An approach used to train Claude, Anthropic’s LLM. It employs Reinforcement Learning from AI Feedback instead of human feedback. This allows Claude to consider dynamic instruction and adjust outputs accordingly.
What is Vellum?
Vellum is a developer platform for building and deploying production LLM applications through simultaneously evaluating various LLMs’ performance across the same set of tasks. Used in this study to compare LLM responses to prompts. Provides metrics like semantic similarity to evaluate generated content.
What metrics were used to evaluate the LLMs?
Several metrics that can be used to evaluate Large Language Models. These include accuracy (percentage of correct classifications or solutions), semantic text similarity (meaning-based comparison of content), robustness: Performance on varying, challenging inputs, latency (response time) and cost (based on number of tokens processed).
What are some limitations of current LLMs?
Small context windows limit tasks like code generation. Subjective tasks are influenced by inherent biases. Models can generate “buggy” outputs. More data and compute could continue improving performance.
What are promising future directions for LLMs?
Applications in various domains like healthcare, business, and education. Techniques like Constitutional AI for refinement. Integrating multiple models. Continued progress in model capabilities and mitigating limitations.
What advice is offered for developing LLM applications?
Understand your needs, constraints and budget. Test models in your context. Consider metrics beyond accuracy, e.g. speed and cost. Provide guidelines and feedback to improve performance. Use tools to overcome limitations. Choose models balancing performance, latency, and cost.
What is the difference between OpenAI’s GPT-4 and GPT-3.5?
GPT-4 is OpenAI’s latest, most advanced model, while GPT-3.5 (ChatGPT) is an older version. GPT-4 has greater parameters, training data, and compute, leading to better performance on complex tasks. However, GPT-4 also has higher latency (slower response time) and cost. GPT-3.5 has broader use but more limited capabilities.
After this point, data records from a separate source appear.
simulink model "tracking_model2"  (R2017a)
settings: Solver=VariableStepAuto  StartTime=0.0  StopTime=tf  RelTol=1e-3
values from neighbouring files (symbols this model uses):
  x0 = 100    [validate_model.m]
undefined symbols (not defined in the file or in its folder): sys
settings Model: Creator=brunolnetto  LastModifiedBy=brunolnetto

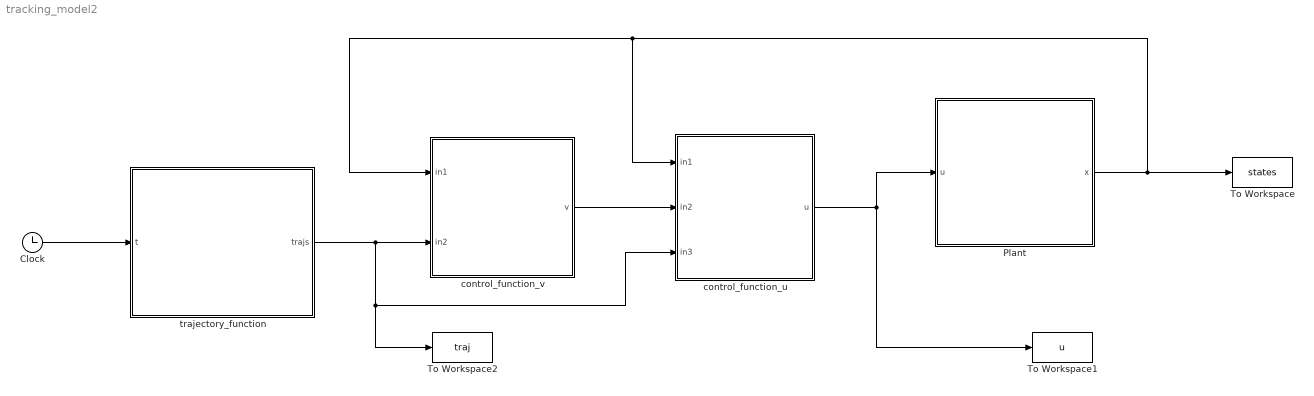
== system tracking_model2 ==
  Clock : Clock
  Plant : Subsystem
  To Workspace : ToWorkspace  VariableName=states  SaveFormat=Structure With Time  SampleTime=-1
  To Workspace1 : ToWorkspace  VariableName=u  SaveFormat=Structure With Time  SampleTime=-1
  To Workspace2 : ToWorkspace  VariableName=traj  SaveFormat=Structure With Time  SampleTime=-1
  control_function_u : MATLAB Function  TreatAsAtomicUnit=on
  control_function_v : MATLAB Function  TreatAsAtomicUnit=on
  trajectory_function : MATLAB Function  TreatAsAtomicUnit=on
  wires:
  Clock/1 -> trajectory_function/1(t)
  control_function_u/1(u) -> Plant/1(u), To Workspace1/1
  trajectory_function/1(trajs) -> control_function_u/3(in3), To Workspace2/1, control_function_v/2(in2)
  control_function_v/1(v) -> control_function_u/2(in2)
  Plant/1(x) -> control_function_u/1(in1), control_function_v/1(in1), To Workspace/1

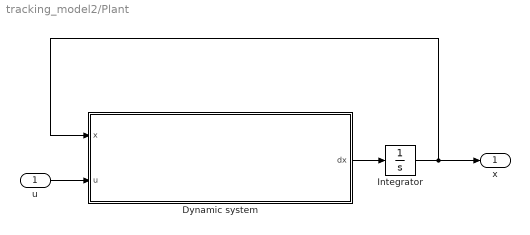
== system tracking_model2/Plant ==
  u : Inport
  Dynamic system : Subsystem
      mask Display: image('./plant.png')
  Integrator : Integrator  InitialCondition=x0
  x : Outport
  wires:
  Dynamic system/1(dx) -> Integrator/1
  u/1 -> Dynamic system/2(u)
  Integrator/1 -> x/1, Dynamic system/1(x)

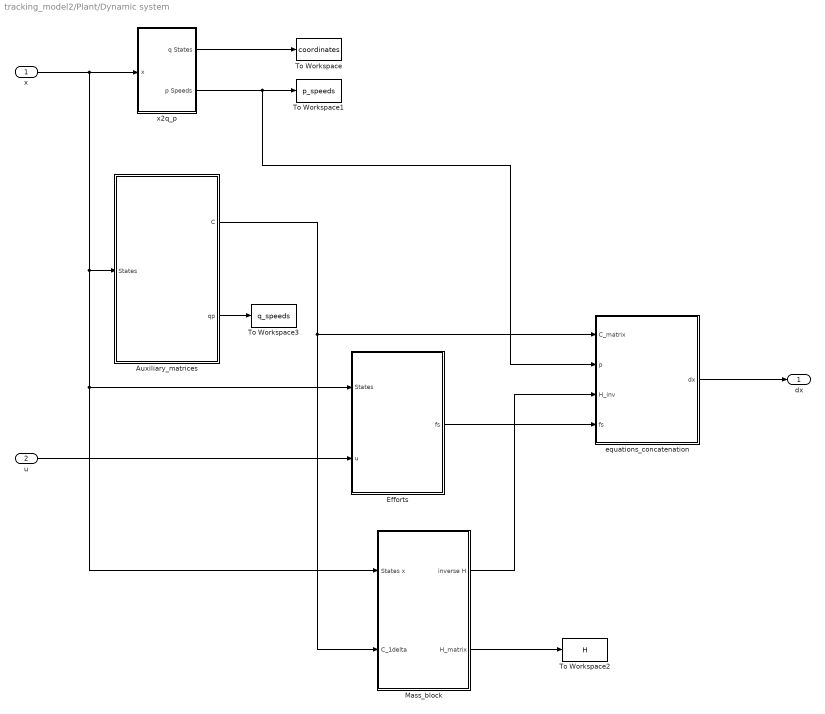
== system tracking_model2/Plant/Dynamic system ==
  x : Inport
  u : Inport  Port=2
  Auxiliary_matrices : Subsystem
  Efforts : Subsystem
  Mass_block : Subsystem
  To Workspace : ToWorkspace  VariableName=coordinates  SaveFormat=Structure With Time  SampleTime=-1
  To Workspace1 : ToWorkspace  VariableName=p_speeds  SaveFormat=Structure With Time  SampleTime=-1
  To Workspace2 : ToWorkspace  VariableName=H  SaveFormat=Structure With Time  SampleTime=-1
  To Workspace3 : ToWorkspace  VariableName=q_speeds  SaveFormat=Structure With Time  SampleTime=-1
  equations_concatenation : Subsystem
  x2q_p : Subsystem
  dx : Outport
  wires:
  Auxiliary_matrices/1(C) -> Mass_block/2("C_1delta  "), equations_concatenation/1(C_matrix)
  Auxiliary_matrices/2(qp) -> To Workspace3/1
  x2q_p/2(p Speeds) -> To Workspace1/1, equations_concatenation/2(p)
  x2q_p/1(q States) -> To Workspace/1
  Efforts/1(fs) -> equations_concatenation/4(fs)
  Mass_block/1(inverse H) -> equations_concatenation/3(H_inv)
  equations_concatenation/1(dx) -> dx/1
  u/1 -> Efforts/2(u)
  x/1 -> x2q_p/1(x), Efforts/1(States), Mass_block/1(States x), Auxiliary_matrices/1(States)
  Mass_block/2(H_matrix) -> To Workspace2/1

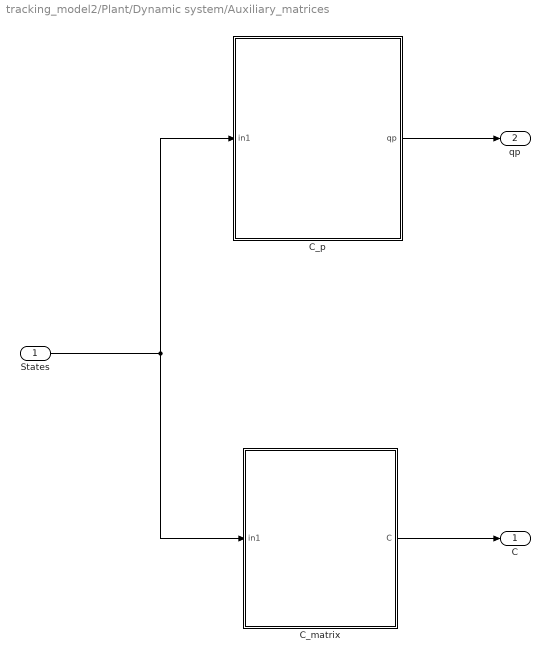
== system tracking_model2/Plant/Dynamic system/Auxiliary_matrices ==
  States : Inport
  C_matrix : MATLAB Function  TreatAsAtomicUnit=on
  C_p : MATLAB Function  TreatAsAtomicUnit=on
  C : Outport
  qp : Outport  Port=2
  wires:
  C_matrix/1(C) -> C/1
  States/1 -> C_p/1(in1), C_matrix/1(in1)
  C_p/1(qp) -> qp/1

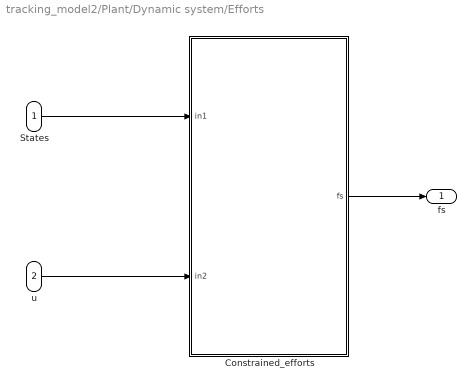
== system tracking_model2/Plant/Dynamic system/Efforts ==
  States : Inport
  u : Inport  Port=2
  Constrained_efforts : MATLAB Function  TreatAsAtomicUnit=on
  fs : Outport
  wires:
  States/1 -> Constrained_efforts/1(in1)
  u/1 -> Constrained_efforts/2(in2)
  Constrained_efforts/1(fs) -> fs/1

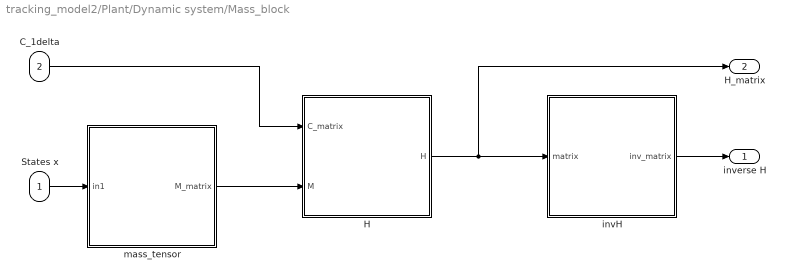
== system tracking_model2/Plant/Dynamic system/Mass_block ==
  States x : Inport
  "C_1delta  " : Inport  Port=2
  H : MATLAB Function  TreatAsAtomicUnit=on
  invH : MATLAB Function  TreatAsAtomicUnit=on
  mass_tensor : MATLAB Function  TreatAsAtomicUnit=on
  inverse H : Outport
  H_matrix : Outport  Port=2
  wires:
  States x/1 -> mass_tensor/1(in1)
  "C_1delta  "/1 -> H/1(C_matrix)
  invH/1(inv_matrix) -> inverse H/1
  H/1(H) -> invH/1(matrix), H_matrix/1
  mass_tensor/1(M_matrix) -> H/2(M)

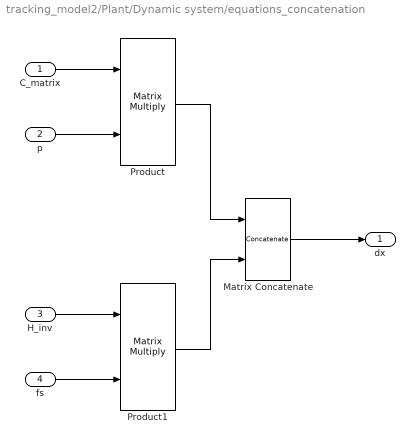
== system tracking_model2/Plant/Dynamic system/equations_concatenation ==
  C_matrix : Inport
  p : Inport  Port=2
  H_inv : Inport  Port=3
  fs : Inport  Port=4
  Matrix Concatenate : Concatenate  ConcatenateDimension=2
  Product : Product  Multiplication=Matrix(*)
  Product1 : Product  Multiplication=Matrix(*)
  dx : Outport
  wires:
  Product/1 -> Matrix Concatenate/1
  p/1 -> Product/2
  C_matrix/1 -> Product/1
  Product1/1 -> Matrix Concatenate/2
  H_inv/1 -> Product1/1
  fs/1 -> Product1/2
  Matrix Concatenate/1 -> dx/1

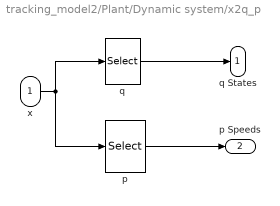
== system tracking_model2/Plant/Dynamic system/x2q_p ==
  x : Inport
  p : Selector  InputPortWidth=length(sys.kin.q) + length(sys.kin.p{end})  IndexOptions=Index vector (dialog)  Indices=(length(sys.kin.q))+1:(length(sys.kin.q) + length(sys.kin.p{end}))  OutputSizes=1
  q : Selector  InputPortWidth=length(sys.kin.q) + length(sys.kin.p{end})  IndexOptions=Index vector (dialog)  Indices=1:length(sys.kin.q)  OutputSizes=1
  q States : Outport
  p Speeds : Outport  Port=2
  wires:
  x/1 -> p/1, q/1
  q/1 -> q States/1
  p/1 -> p Speeds/1

== matlab function tracking_model2/control_function_v ==
  data: in1 input; v output; in2 input
function v = ControlFunction(in1,in2)

%    This function was generated by the Symbolic Math Toolbox version 7.2.

%    11-Jan-2021 14:43:12



p1 = in1(7,:);

p2 = in1(8,:);

p3 = in1(9,:);

th = in1(3,:);

x = in1(1,:);

y = in1(2,:);

y1_ref = in2(1,:);

y2_ref = in2(4,:);

y3_ref = in2(7,:);

yp1_ref = in2(2,:);

yp2_ref = in2(5,:);

yp3_ref = in2(8,:);

v = [p1.*-3.438624078545841-p2.*2.652700203337989-p3.*3.377020513851819e-15-th.*1.00163037277543e-14-x.*6.884313755249821-y.*1.038824780522046e1+y1_ref.*6.884313755249821+y2_ref.*1.038824780522046e1+y3_ref.*1.00163037277543e-14+yp1_ref.*3.438624078545841+yp2_ref.*2.652700203337989+yp3_ref.*3.377020513851819e-15;0.0;0.0;p1.*-2.652700278465205-p2.*7.736290108681494-p3.*1.635524904530068e-15-th.*1.056093842869619e-14-x.*1.038824829359606e1-y.*2.371441739383425e1+y1_ref.*1.038824829359606e1+y2_ref.*2.371441739383425e1+y3_ref.*1.056093842869619e-14+yp1_ref.*2.652700278465205+yp2_ref.*7.736290108681494+yp3_ref.*1.635524904530068e-15;0.0;0.0;p1.*-5.380262330691395e-15-p2.*4.786557594007766e-16-p3.*4.177097391684711-th.*6.652662314872519-x.*1.163926222557845e-14-y.*9.477276537930718e-15+y1_ref.*1.163926222557845e-14+y2_ref.*9.477276537930718e-15+y3_ref.*6.652662314872519+yp1_ref.*5.380262330691395e-15+yp2_ref.*4.786557594007766e-16+yp3_ref.*4.177097391684711;0.0;0.0];

end

== matlab function tracking_model2/Plant/Dynamic system/Mass_block/mass_tensor ==
  data: in1 input; M_matrix output
function M_matrix = Mass_matrix(in1)

%    This function was generated by the Symbolic Math Toolbox version 7.2.

%    11-Jan-2021 14:43:15



th = in1(3,:);

th1 = in1(4,:);

th2 = in1(5,:);

th3 = in1(6,:);

t2 = cos(th);

t3 = cos(th1);

t4 = cos(th2);

t5 = cos(th3);

t6 = sin(th);

t8 = t2.*(1.0./8.0);

t9 = sqrt(3.0);

t10 = t6.*t9.*(1.0./8.0);

t7 = t8-t10;

t11 = t8+t10;

t13 = t6.*(1.0./8.0);

t14 = t2.*t9.*(1.0./8.0);

t12 = t13-t14;

t15 = t13+t14;

M_matrix = reshape([2.11e2./5.0e2,0.0,0.0,0.0,0.0,0.0,0.0,2.11e2./5.0e2,0.0,0.0,0.0,0.0,0.0,0.0,t2.^2.*4.625e-3+t3.^2.*2.518133623269337e-7+t4.^2.*2.518133623269337e-7+t5.^2.*2.518133623269337e-7+t6.^2.*4.625e-3+t7.^2.*(3.7e1./5.0e2)+t11.^2.*(3.7e1./5.0e2)+t12.^2.*(3.7e1./5.0e2)+t15.^2.*(3.7e1./5.0e2)+2.520833333333333e-4,0.0,0.0,0.0,0.0,0.0,0.0,0.0,0.0,0.0,0.0,0.0,0.0,0.0,0.0,0.0,0.0,0.0,0.0,0.0,0.0,0.0],[6,6]);

end

== matlab function tracking_model2/Plant/Dynamic system/Auxiliary_matrices/C_matrix ==
  data: in1 input; C output
function C = ConstraintMatrix(in1)

%    This function was generated by the Symbolic Math Toolbox version 7.2.

%    11-Jan-2021 14:43:14



th = in1(3,:);

t2 = pi.*(1.0./3.0);

t3 = t2+th;

C = reshape([1.0,0.0,0.0,sin(th).*(5.0e2./4.3e1),cos(th+pi.*(1.0./6.0)).*(5.0e2./4.3e1),sin(t3).*(-5.0e2./4.3e1),0.0,1.0,0.0,cos(th).*(-5.0e2./4.3e1),cos(th-pi.*(1.0./3.0)).*(5.0e2./4.3e1),cos(t3).*(5.0e2./4.3e1),0.0,0.0,1.0,-1.25e2./4.3e1,-1.25e2./4.3e1,-1.25e2./4.3e1],[6,3]);

end

== matlab function tracking_model2/trajectory_function ==
  data: t input; trajs output
function trajs = TrajectoryGenerator(t)

%    This function was generated by the Symbolic Math Toolbox version 7.2.

%    11-Jan-2021 14:43:13



t2 = cos(t);

t3 = sin(t);

trajs = [t2;-t3;-t2;t3;t2;-t3;t;1.0;0.0];

end

== matlab function tracking_model2/control_function_u ==
  data: in1 input; u output; in2 input; in3 input
function u = ControlFunction(in1,in2,in3)

%    This function was generated by the Symbolic Math Toolbox version 7.2.

%    11-Jan-2021 14:43:10



p1 = in1(7,:);

p2 = in1(8,:);

p3 = in1(9,:);

th = in1(3,:);

th1 = in1(4,:);

th2 = in1(5,:);

th3 = in1(6,:);

v1 = in2(1,:);

x = in1(1,:);

y = in1(2,:);

y1_ref = in3(1,:);

y2_ref = in3(4,:);

y3_ref = in3(7,:);

yp1_ref = in3(2,:);

yp2_ref = in3(5,:);

yp3_ref = in3(8,:);

ypp1_ref = in3(3,:);

ypp2_ref = in3(6,:);

ypp3_ref = in3(9,:);

t2 = sin(th);

t3 = cos(th);

t4 = t2.^2;

t5 = t3.^2;

t6 = t5.*5.585863854409629e-2;

t7 = t4.*5.585863854409629e-2;

t8 = t6+t7;

t9 = 1.0./t8;

t10 = t5.*2.234345541763852e-1;

t11 = t4.*2.234345541763852e-1;

t12 = t10+t11;

t13 = 1.0./t12;

t14 = cos(th1);

t15 = cos(th2);

t16 = cos(th3);

t17 = t14.^2;

t18 = t15.^2;

t19 = t16.^2;

t20 = p3.^2;

t21 = t5.*5.836328869266157e-6;

t22 = t4.*5.836328869266157e-6;

t23 = t5.*t17.*1.040317779359265e-10;

t24 = t5.*t18.*1.040317779359265e-10;

t25 = t5.*t19.*1.040317779359265e-10;

t26 = t4.*t17.*1.040317779359265e-10;

t27 = t4.*t18.*1.040317779359265e-10;

t28 = t4.*t19.*1.040317779359265e-10;

t29 = t21+t22+t23+t24+t25+t26+t27+t28;

t30 = 1.0./t29;

t31 = sin(th1);

t32 = sin(th2);

t33 = sin(th3);

t34 = t31.^2;

t35 = t32.^2;

t36 = t33.^2;

t37 = th1.*2.0;

t38 = sin(t37);

t39 = th2.*2.0;

t40 = sin(t39);

t41 = th3.*2.0;

t42 = sin(t41);

t43 = t5.*1.394728536509132e-3;

t44 = t4.*1.394728536509132e-3;

t45 = t43+t44;

t46 = 1.0./t45;

t47 = p1.*p3.*t3.*t5.*t15.*t30.*t32.*t35.*-6.049843728929489e-17;

t48 = p1.*p3.*t3.*t5.*t16.*t30.*t33.*t36.*6.049843728929489e-17;

t49 = p2.*p3.*t2.*t4.*t15.*t30.*t32.*t35.*-6.049843728929489e-17;

t50 = p2.*p3.*t2.*t4.*t16.*t30.*t33.*t36.*6.049843728929489e-17;

t51 = p1.*p3.*t3.*t4.*t15.*t30.*t32.*t35.*-6.049843728929489e-17;

t52 = p1.*p3.*t3.*t5.*t15.*t30.*t32.*t34.*-6.049843728929489e-17;

t53 = p2.*p3.*t2.*t5.*t15.*t30.*t32.*t35.*-6.049843728929489e-17;

t54 = p1.*p3.*t3.*t4.*t16.*t30.*t33.*t36.*6.049843728929489e-17;

t55 = p1.*p3.*t3.*t5.*t15.*t30.*t32.*t36.*-6.049843728929489e-17;

t56 = p1.*p3.*t3.*t5.*t16.*t30.*t33.*t34.*6.049843728929489e-17;

t57 = p2.*p3.*t2.*t5.*t16.*t30.*t33.*t36.*6.049843728929489e-17;

t58 = p1.*p3.*t3.*t5.*t16.*t30.*t33.*t35.*6.049843728929489e-17;

t59 = p2.*p3.*t2.*t4.*t15.*t30.*t32.*t34.*-6.049843728929489e-17;

t60 = p2.*p3.*t2.*t4.*t15.*t30.*t32.*t36.*-6.049843728929489e-17;

t61 = p2.*p3.*t2.*t4.*t16.*t30.*t33.*t34.*6.049843728929489e-17;

t62 = p2.*p3.*t2.*t4.*t16.*t30.*t33.*t35.*6.049843728929489e-17;

t63 = p1.*p3.*t3.*t4.*t15.*t30.*t32.*t34.*-6.049843728929489e-17;

t64 = p2.*p3.*t2.*t5.*t15.*t30.*t32.*t34.*-6.049843728929489e-17;

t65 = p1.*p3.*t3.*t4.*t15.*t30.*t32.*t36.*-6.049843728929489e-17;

How does OpenAI’s GPT-4 compare to GPT-3.5?
GPT-4 performed best in offensive language detection, math problem-solving, and code generation but was slower and more expensive. GPT-3.5 performed second-best in email reply generation and math reasoning, with faster responses but more limited abilities. Overall, GPT-4 excelled at complex, nuanced tasks but at the cost of speed and expense. GPT-3.5 provides a more balanced capability and performance.